[core] Fix race condition b/w object eviction & repinning for recovery. #53934

israbbani · 2025-06-18T20:54:17Z

This PR has two components:

Fixing the Race Condition b/w Object Eviction and Repining for Object Recovery

The sequence of events documents the life of an object called A.

Owner sends object eviction notifications to all locations as part of Object A going out of scope. (done through worker<->worker pubsub)
Workers that have a copy of Object A mark it for asynchronous deletion.
Owner decides to recover the object and repin a copy of object A that has already been marked for asynchronous deletion.
Owner submits a task that has Object A as an argument.
The task executor tries to fetch Object A and the pull manager hangs forever.

The fix is to check to see if an object is pending deletion before pinning it. If it is, the owner cannot pin the object and has to either try a different location or trigger reconstruction by resubmitting the task that created the object.

(The Joys of) Writing a Unit Test in Node Manager

There are a few problems with writing unit tests in the NodeManager

Despite heroics from @rueian and @dayshah recently, the NodeManager still had a few dependencies that needed to be put behind interfaces so fakes could be injected.
The gRPC handlers are all private to the class so they cannot be called directly. Instead the unit tests need to create a gRPC client.
The NodeManager has a lot of dependencies and the dependencies have interdependencies so we currently dedicate 200 lines to constructing a test fixture.
There is a lack of usable fakes e.g. for the PlasmaClient for writing unit tests.

Follow Ups

Create a shim between the NodeManager and it's gRPC handlers so they can be unit tested directly without creating gRPC clients.
Create a utility function that lets you construct a NodeManager for testing optionally overriding interesting dependencies (otherwise they will default to a Noop fake).
Move the fakes created in this PR into their own (more complete implementations).
Create a Fake for SubscriberInterface.

The sequence of events: 1. The owner sends object eviction notifications to all locations as part of an object going out of scope. 2. The remote copies are deleted asynchronously. 3. The owner can decide to recover the object and repin the copy that has already been marked for asynchronous deletion. 4. The pull manager hangs forever. Signed-off-by: irabbani <irabbani@anyscale.com>

Signed-off-by: irabbani <irabbani@anyscale.com>

1. Adding an interface for LocalObjectManager 2. Adding a unit test Signed-off-by: irabbani <irabbani@anyscale.com>

Signed-off-by: Ibrahim Rabbani <irabbani@anyscale.com>

Signed-off-by: irabbani <irabbani@anyscale.com>

israbbani · 2025-06-25T22:16:19Z

src/ray/raylet/node_manager.cc

+      // Therefore, a new object cannot be marked for deletion while this function is
+      // executing.
+      if (*result_it == nullptr ||
+          local_object_manager_.ObjectPendingDeletion(*object_id_it)) {


This is the fix and logic change.

dayshah

Create a utility function that lets you construct a NodeManager for testing optionally overriding interesting dependencies (otherwise they will default to a Noop fake).

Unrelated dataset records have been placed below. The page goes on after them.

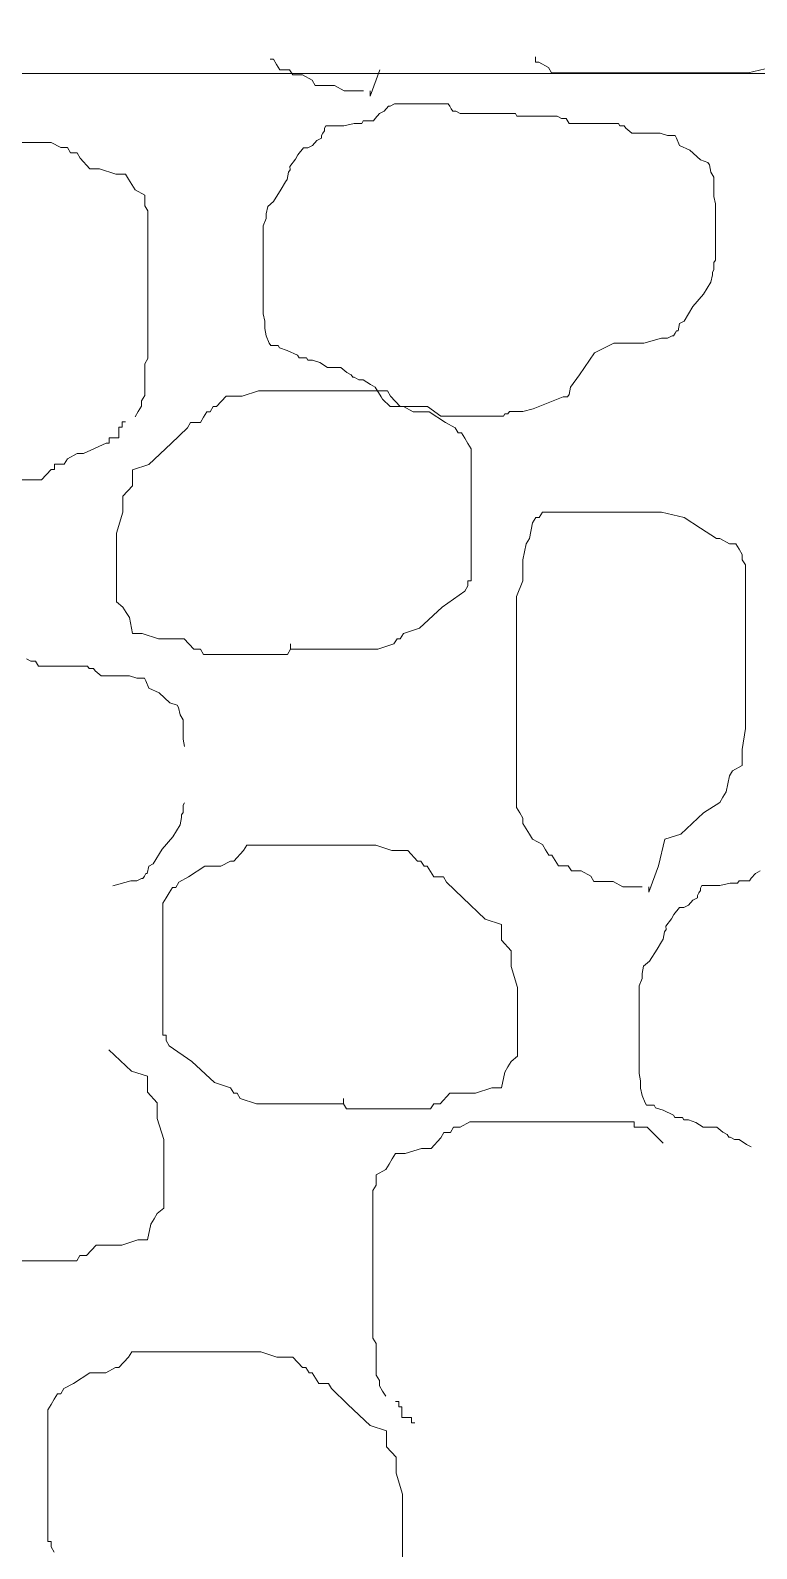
# Model space of a CAD drawing. Header units: centimetres. Extents: x 2280 to 32242, y -4577 to 2534.
# Drawn here: x 26032.2 to 26068.5, y -2725.3 to -2649.2 of the extents above; entities that cross this region are included whole.
import ezdxf

# ---------------------------------------------------------------- set-up
doc = ezdxf.new("R2010")
doc.units = ezdxf.units.CM
doc.layers.add('dim', color=40, linetype='Continuous', lineweight=0)
doc.layers.add('obiekty', color=22, linetype='Continuous', lineweight=5)

msp = doc.modelspace()

# ---------------------------------------------------------------- hatches: boundary and pattern name
at = {"layer": 'dim'}
h = msp.add_hatch(color=7, dxfattribs=at)
h.dxf.hatch_style = 1
edge = h.paths.add_edge_path()
edge.add_line((26464.449, -2758.987), (26526.237, -2820.144))
edge.add_line((26526.237, -2820.144), (26526.237, -2793.963))
edge.add_line((26526.237, -2793.963), (26500.585, -2768.102))
edge.add_spline(control_points=[(26500.585, -2768.102), (26499.378, -2767.74), (26498.6, -2767.687), (26498.202, -2767.906)], knot_values=[35.673287, 35.673287, 35.673287, 35.673287, 41.147763, 41.147763, 41.147763, 41.147763], degree=3, periodic=0)
edge.add_spline(control_points=[(26498.202, -2767.906), (26498.119, -2767.991), (26498.037, -2768.075), (26497.954, -2768.159)], knot_values=[0, 0, 0, 0, 0.301407, 0.301407, 0.301407, 0.301407], degree=3, periodic=0)
edge.add_spline(control_points=[(26497.954, -2768.159), (26498.007, -2768.053), (26498.089, -2767.969), (26498.202, -2767.906)], knot_values=[41.147763, 41.147763, 41.147763, 41.147763, 42.704936, 42.704936, 42.704936, 42.704936], degree=3, periodic=0)
edge.add_spline(control_points=[(26500.585, -2768.102), (26499.378, -2767.74), (26498.6, -2767.687), (26498.202, -2767.906)], knot_values=[35.673287, 35.673287, 35.673287, 35.673287, 41.147763, 41.147763, 41.147763, 41.147763], degree=3, periodic=0)
edge.add_spline(control_points=[(26498.202, -2767.906), (26498.57, -2767.532), (26498.935, -2767.157), (26499.28, -2766.787)], knot_values=[0.301407, 0.301407, 0.301407, 0.301407, 1.642507, 1.642507, 1.642507, 1.642507], degree=3, periodic=0)
edge.add_line((26499.28, -2766.787), (26478.191, -2745.525))
edge.add_spline(control_points=[(26478.191, -2745.525), (26477.196, -2745.262), (26476.538, -2745.24), (26476.182, -2745.436)], knot_values=[36.26063, 36.26063, 36.26063, 36.26063, 41.147763, 41.147763, 41.147763, 41.147763], degree=3, periodic=0)
edge.add_spline(control_points=[(26476.182, -2745.436), (26476.1, -2745.52), (26476.017, -2745.604), (26475.934, -2745.689)], knot_values=[0, 0, 0, 0, 0.301407, 0.301407, 0.301407, 0.301407], degree=3, periodic=0)
edge.add_spline(control_points=[(26475.934, -2745.689), (26475.987, -2745.583), (26476.069, -2745.498), (26476.182, -2745.436)], knot_values=[41.147763, 41.147763, 41.147763, 41.147763, 42.704936, 42.704936, 42.704936, 42.704936], degree=3, periodic=0)
edge.add_spline(control_points=[(26478.191, -2745.525), (26477.196, -2745.262), (26476.538, -2745.24), (26476.182, -2745.436)], knot_values=[36.26063, 36.26063, 36.26063, 36.26063, 41.147763, 41.147763, 41.147763, 41.147763], degree=3, periodic=0)
edge.add_spline(control_points=[(26476.182, -2745.436), (26476.504, -2745.108), (26476.823, -2744.781), (26477.13, -2744.455)], knot_values=[0.301407, 0.301407, 0.301407, 0.301407, 1.474772, 1.474772, 1.474772, 1.474772], degree=3, periodic=0)
edge.add_line((26477.13, -2744.455), (26434.971, -2701.952))
edge.add_spline(control_points=[(26434.971, -2701.952), (26433.764, -2701.591), (26432.986, -2701.538), (26432.588, -2701.757)], knot_values=[35.673287, 35.673287, 35.673287, 35.673287, 41.147763, 41.147763, 41.147763, 41.147763], degree=3, periodic=0)
edge.add_spline(control_points=[(26432.588, -2701.757), (26432.506, -2701.841), (26432.423, -2701.926), (26432.34, -2702.01)], knot_values=[0, 0, 0, 0, 0.301407, 0.301407, 0.301407, 0.301407], degree=3, periodic=0)
edge.add_spline(control_points=[(26432.34, -2702.01), (26432.393, -2701.904), (26432.475, -2701.82), (26432.588, -2701.757)], knot_values=[41.147763, 41.147763, 41.147763, 41.147763, 42.704936, 42.704936, 42.704936, 42.704936], degree=3, periodic=0)
edge.add_spline(control_points=[(26434.971, -2701.952), (26433.764, -2701.591), (26432.986, -2701.538), (26432.588, -2701.757)], knot_values=[35.673287, 35.673287, 35.673287, 35.673287, 41.147763, 41.147763, 41.147763, 41.147763], degree=3, periodic=0)
edge.add_spline(control_points=[(26432.588, -2701.757), (26432.956, -2701.382), (26433.321, -2701.008), (26433.667, -2700.637)], knot_values=[0.301407, 0.301407, 0.301407, 0.301407, 1.642507, 1.642507, 1.642507, 1.642507], degree=3, periodic=0)
edge.add_line((26433.667, -2700.637), (26412.577, -2679.376))
edge.add_spline(control_points=[(26412.577, -2679.376), (26411.582, -2679.112), (26410.924, -2679.091), (26410.568, -2679.287)], knot_values=[36.26063, 36.26063, 36.26063, 36.26063, 41.147763, 41.147763, 41.147763, 41.147763], degree=3, periodic=0)
edge.add_spline(control_points=[(26410.568, -2679.287), (26410.486, -2679.371), (26410.403, -2679.455), (26410.32, -2679.539)], knot_values=[0, 0, 0, 0, 0.301407, 0.301407, 0.301407, 0.301407], degree=3, periodic=0)
edge.add_spline(control_points=[(26410.32, -2679.539), (26410.373, -2679.434), (26410.455, -2679.349), (26410.568, -2679.287)], knot_values=[41.147763, 41.147763, 41.147763, 41.147763, 42.704936, 42.704936, 42.704936, 42.704936], degree=3, periodic=0)
edge.add_spline(control_points=[(26412.577, -2679.376), (26411.582, -2679.112), (26410.924, -2679.091), (26410.568, -2679.287)], knot_values=[36.26063, 36.26063, 36.26063, 36.26063, 41.147763, 41.147763, 41.147763, 41.147763], degree=3, periodic=0)
edge.add_spline(control_points=[(26410.568, -2679.287), (26410.89, -2678.959), (26411.21, -2678.631), (26411.516, -2678.306)], knot_values=[0.301407, 0.301407, 0.301407, 0.301407, 1.474772, 1.474772, 1.474772, 1.474772], degree=3, periodic=0)
edge.add_line((26411.516, -2678.306), (26390.202, -2656.819))
edge.add_spline(control_points=[(26390.202, -2656.819), (26389.403, -2656.64), (26388.86, -2656.645), (26388.549, -2656.816)], knot_values=[36.867268, 36.867268, 36.867268, 36.867268, 41.147763, 41.147763, 41.147763, 41.147763], degree=3, periodic=0)
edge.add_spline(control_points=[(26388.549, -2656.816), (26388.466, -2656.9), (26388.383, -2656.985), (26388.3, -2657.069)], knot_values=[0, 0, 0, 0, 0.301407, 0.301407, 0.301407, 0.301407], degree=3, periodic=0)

Instead of this we should just have mocks and you can override implementations of a mock per test or even per invocation in a test. More flexible and less code

Also node_manager_test failing build bc warnings

src/ray/raylet/local_object_manager_interface.h

dayshah · 2025-06-26T01:02:52Z

src/ray/raylet/test/node_manager_test.cc

+                absl::flat_hash_set<ObjectID> objects_ids_in_plasma_;

            
+  absl::flat_hash_map<ObjectID, std::pair<std::vector<uint8_t>, std::vector<uint8_t>>>
+      objects_in_plasma_;
+};


imo prefer mocks in mock/ to no-op fakes, more similar to the rest of the code too

I disagree. I am hoping to remove as much of our mock code as possible and replace it with fake implementations. Mocks encourage intercepting calls and break encapsulation and overfit the tests to the implementations rather than the API.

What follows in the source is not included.